Exercise inputs ->
::::::

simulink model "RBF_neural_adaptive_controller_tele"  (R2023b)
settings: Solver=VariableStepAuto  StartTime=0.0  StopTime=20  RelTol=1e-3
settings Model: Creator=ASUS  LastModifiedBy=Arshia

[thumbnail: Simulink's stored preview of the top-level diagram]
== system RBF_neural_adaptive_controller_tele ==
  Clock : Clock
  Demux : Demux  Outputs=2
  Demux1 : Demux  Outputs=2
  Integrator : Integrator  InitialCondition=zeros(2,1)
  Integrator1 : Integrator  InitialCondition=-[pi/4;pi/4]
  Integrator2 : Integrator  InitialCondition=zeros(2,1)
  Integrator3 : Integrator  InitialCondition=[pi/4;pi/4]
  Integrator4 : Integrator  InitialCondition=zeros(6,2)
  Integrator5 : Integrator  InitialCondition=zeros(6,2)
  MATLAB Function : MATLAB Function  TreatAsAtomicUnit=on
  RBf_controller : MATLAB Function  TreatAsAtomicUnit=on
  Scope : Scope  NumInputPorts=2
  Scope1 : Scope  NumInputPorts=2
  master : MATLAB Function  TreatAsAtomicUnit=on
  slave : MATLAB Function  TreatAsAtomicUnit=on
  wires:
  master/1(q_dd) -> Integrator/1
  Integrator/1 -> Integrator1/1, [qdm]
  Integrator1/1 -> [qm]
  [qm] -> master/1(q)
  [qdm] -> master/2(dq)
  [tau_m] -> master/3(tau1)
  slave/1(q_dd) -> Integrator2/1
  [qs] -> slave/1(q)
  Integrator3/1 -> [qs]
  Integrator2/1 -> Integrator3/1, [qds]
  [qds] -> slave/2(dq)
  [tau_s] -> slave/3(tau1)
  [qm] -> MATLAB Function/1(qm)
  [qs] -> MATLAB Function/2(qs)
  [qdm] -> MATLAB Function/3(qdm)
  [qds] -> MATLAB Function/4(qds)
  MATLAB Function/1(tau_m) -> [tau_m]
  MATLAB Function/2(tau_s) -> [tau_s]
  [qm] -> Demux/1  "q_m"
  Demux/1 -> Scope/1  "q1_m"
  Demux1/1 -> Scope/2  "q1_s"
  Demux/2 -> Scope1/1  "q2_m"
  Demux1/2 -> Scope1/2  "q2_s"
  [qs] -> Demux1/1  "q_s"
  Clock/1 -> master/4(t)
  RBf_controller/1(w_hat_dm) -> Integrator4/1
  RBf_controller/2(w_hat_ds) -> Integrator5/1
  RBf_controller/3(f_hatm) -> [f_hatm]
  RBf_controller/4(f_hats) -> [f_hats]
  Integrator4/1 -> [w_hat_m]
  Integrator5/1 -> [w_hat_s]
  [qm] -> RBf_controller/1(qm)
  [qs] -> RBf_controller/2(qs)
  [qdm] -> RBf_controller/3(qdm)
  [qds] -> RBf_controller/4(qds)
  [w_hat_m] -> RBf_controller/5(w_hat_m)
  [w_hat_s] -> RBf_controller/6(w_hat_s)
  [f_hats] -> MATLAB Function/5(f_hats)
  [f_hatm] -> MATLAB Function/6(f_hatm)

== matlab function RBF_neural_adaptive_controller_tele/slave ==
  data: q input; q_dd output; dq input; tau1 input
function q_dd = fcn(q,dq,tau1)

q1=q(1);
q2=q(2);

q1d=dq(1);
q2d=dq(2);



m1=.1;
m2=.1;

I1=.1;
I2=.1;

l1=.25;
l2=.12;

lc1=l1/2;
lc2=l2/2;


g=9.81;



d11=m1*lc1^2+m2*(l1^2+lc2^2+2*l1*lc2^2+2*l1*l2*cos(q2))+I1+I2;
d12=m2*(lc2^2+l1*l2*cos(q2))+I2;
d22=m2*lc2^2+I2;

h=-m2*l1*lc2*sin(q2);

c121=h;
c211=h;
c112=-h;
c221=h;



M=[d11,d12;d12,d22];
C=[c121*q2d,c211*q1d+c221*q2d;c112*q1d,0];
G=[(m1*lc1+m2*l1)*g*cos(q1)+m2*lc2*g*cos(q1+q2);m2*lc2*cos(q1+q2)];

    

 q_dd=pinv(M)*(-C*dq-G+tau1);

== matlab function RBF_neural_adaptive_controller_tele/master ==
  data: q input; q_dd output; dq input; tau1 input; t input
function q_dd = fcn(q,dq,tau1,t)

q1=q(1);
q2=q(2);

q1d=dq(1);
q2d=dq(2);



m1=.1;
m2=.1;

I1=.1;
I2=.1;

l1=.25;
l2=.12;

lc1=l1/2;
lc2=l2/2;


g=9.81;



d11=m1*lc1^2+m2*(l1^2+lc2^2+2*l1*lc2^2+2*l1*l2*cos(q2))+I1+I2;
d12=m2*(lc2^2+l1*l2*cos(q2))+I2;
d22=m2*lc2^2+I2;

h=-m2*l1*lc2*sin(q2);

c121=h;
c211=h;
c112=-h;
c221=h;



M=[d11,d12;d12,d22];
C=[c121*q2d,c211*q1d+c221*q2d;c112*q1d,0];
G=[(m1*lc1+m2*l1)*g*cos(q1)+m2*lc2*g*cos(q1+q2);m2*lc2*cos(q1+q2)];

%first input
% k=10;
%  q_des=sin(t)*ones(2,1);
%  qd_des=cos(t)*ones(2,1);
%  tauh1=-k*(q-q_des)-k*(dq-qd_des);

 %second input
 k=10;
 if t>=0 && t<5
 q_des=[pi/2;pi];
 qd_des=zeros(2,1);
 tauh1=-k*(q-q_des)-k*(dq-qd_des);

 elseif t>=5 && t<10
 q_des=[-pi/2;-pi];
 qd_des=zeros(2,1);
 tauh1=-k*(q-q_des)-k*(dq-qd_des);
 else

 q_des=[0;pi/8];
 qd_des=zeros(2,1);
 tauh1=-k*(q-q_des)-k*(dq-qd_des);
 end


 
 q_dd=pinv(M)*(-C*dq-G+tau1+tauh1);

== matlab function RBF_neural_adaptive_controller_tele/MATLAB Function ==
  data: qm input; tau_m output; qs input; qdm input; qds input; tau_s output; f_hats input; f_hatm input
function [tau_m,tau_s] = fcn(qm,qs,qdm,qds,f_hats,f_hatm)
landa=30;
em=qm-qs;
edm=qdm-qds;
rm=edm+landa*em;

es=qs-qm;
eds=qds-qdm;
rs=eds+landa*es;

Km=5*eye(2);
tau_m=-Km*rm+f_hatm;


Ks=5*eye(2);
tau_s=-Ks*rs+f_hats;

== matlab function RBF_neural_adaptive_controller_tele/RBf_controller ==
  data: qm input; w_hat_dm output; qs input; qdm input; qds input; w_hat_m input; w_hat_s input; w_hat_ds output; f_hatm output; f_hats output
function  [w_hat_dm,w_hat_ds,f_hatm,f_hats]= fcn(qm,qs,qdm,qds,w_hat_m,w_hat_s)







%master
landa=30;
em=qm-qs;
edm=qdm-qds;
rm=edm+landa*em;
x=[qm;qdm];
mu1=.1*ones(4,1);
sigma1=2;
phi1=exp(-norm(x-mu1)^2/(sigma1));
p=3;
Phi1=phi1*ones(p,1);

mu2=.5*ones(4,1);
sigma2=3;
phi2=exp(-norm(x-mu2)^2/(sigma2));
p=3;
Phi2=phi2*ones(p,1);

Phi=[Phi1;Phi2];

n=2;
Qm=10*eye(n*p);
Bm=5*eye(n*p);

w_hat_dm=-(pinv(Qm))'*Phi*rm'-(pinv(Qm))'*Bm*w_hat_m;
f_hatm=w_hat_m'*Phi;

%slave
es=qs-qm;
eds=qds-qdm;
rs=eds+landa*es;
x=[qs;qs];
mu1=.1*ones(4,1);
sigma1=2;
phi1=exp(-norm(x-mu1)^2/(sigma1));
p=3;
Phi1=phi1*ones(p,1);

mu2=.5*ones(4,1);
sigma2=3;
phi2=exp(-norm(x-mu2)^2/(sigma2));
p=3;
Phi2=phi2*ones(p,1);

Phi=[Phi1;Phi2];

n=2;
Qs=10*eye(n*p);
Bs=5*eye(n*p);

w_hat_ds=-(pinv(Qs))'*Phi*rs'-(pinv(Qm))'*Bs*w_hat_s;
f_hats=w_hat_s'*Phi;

::::::

Activity ->
Restate word for word the lines from the line containing "w_hat_ds=-(pinv(Qs))'*Phi*rs'-(pinv(Qm))'*Bs*w_hat_s;" through the last line of the listing, inclusive, and nothing beyond them.

Task solution ->
w_hat_ds=-(pinv(Qs))'*Phi*rs'-(pinv(Qm))'*Bs*w_hat_s;
f_hats=w_hat_s'*Phi;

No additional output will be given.